Outcomes Following Single and Recurrent In-Hospital Cardiac Arrests in Children With Heart Disease: A Report From American Heart Association's Get With the Guidelines Registry-Resuscitation.

Pediatr Crit Care Med

1Division of Pediatric Cardiology, Department of Pediatrics, Arkansas Children's Hospital, University of Arkansas Medical Center, Little Rock, AR. 2Division of Pediatric Critical Care, Department of Pediatrics, Arkansas Children's Hospital, University of Arkansas Medical Center, Little Rock, AR. 3Division of Pediatric Cardiology, Department of Pediatrics, University of Michigan, Ann Arbor, MI. 4Johns Hopkins Children's Heart Surgery, All Children's Hospital, Saint Petersburg, Florida, St. Petersburg, Tampa, FL. 5Division of Cardiac Surgery, Johns Hopkins University School of Medicine, Baltimore, MD. 6Division of Biostatistics, Department of Pediatrics, Arkansas Children's Hospital, University of Arkansas Medical Center, Little Rock, AR. 7Department of Cardiothoracic Surgery. 8University of Pennsylvania Center for Clinical Epidemiology and Biostatistics, Philadelphia, PA. 9Department of Anesthesia and Critical Care, The Children's Hospital of Philadelphia; Philadelphia, PA.

Published: June 2016

Objectives: Little is known regarding patient characteristics and outcomes associated with cardiac arrest in hospitalized children with underlying heart disease. We described clinical characteristics and in-hospital outcomes in cardiac patients with both single and recurrent cardiac arrests.

Design: Retrospective analysis evaluating characteristics and outcomes in single versus recurrent arrest groups in unadjusted and adjusted analyses.

Setting: American Heart Association's Get with the Guidelines-Resuscitation registry (2000-2010).

Patients: Children younger than 18 years, identified with medical or surgical cardiac disease and one or more in-hospital cardiac arrest.

Interventions: None.

Measurement And Main Results: One thousand eight hundred and eighty-nine patients with 2,387 cardiac arrests from 157 centers met inclusion criteria: 1,546 (82%) with a single arrest and 343 (18%) with a recurrent arrest. More than two thirds of recurrent cardiac arrests occurred in ICUs, and those with recurrent arrest had a higher prevalence of baseline comorbidities (e.g., more likely to be mechanically ventilated and receiving vasoactive infusions). Overall survival to hospital discharge was 51%, and was lower in the recurrent versus single arrest group (41% vs 53%; p < 0.001). In analysis adjusted for baseline comorbidities, there was no longer a statistically significant association between recurrent arrest and survival (odds ratio, 0.74; 95% CI, 0.33-1.63; p = 0.45). In stratified analysis, the relationship between recurrent arrest and lower survival was more prominent in the surgical-cardiac (odds ratio, 0.39; 95% CI, 0.14-1.11; p = 0.09) versus medical-cardiac (odds ratio, 0.96; 95% CI, 0.28-3.30; p = 0.95) group.

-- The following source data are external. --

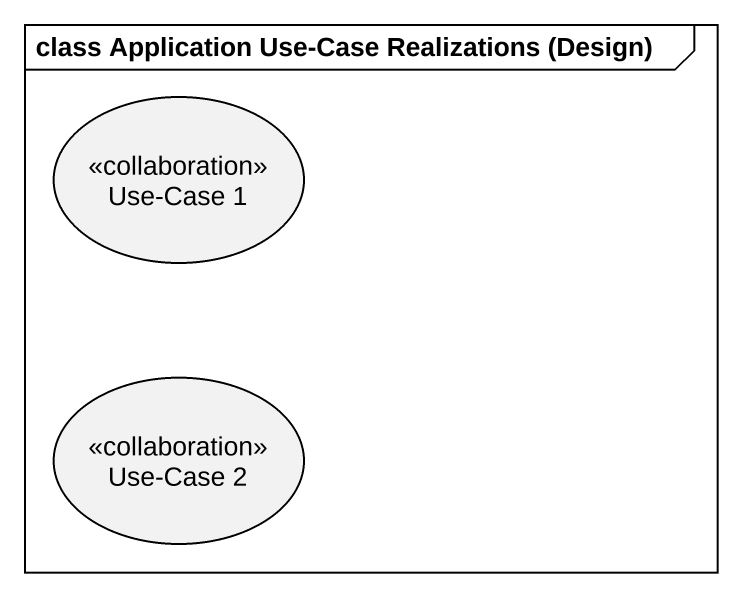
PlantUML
@startuml
mainframe class Application Use-Case Realizations (Design)
usecase "Use-Case 1" as Use_Case_1 <<collaboration>>
usecase "Use-Case 2" as Use_Case_2 <<collaboration>>
@enduml

Conclusions: In this large multicenter study, half of pediatric cardiac patients who suffered a cardiac arrest survived to hospital discharge. Lower survival in the group with recurrent arrest may be explained in part by the higher prevalence of baseline comorbidities in these patients, and surgical cardiac patients appeared to be at greatest risk. Further study is necessary to develop strategies to reduce subsequent mortality in these high-risk patients.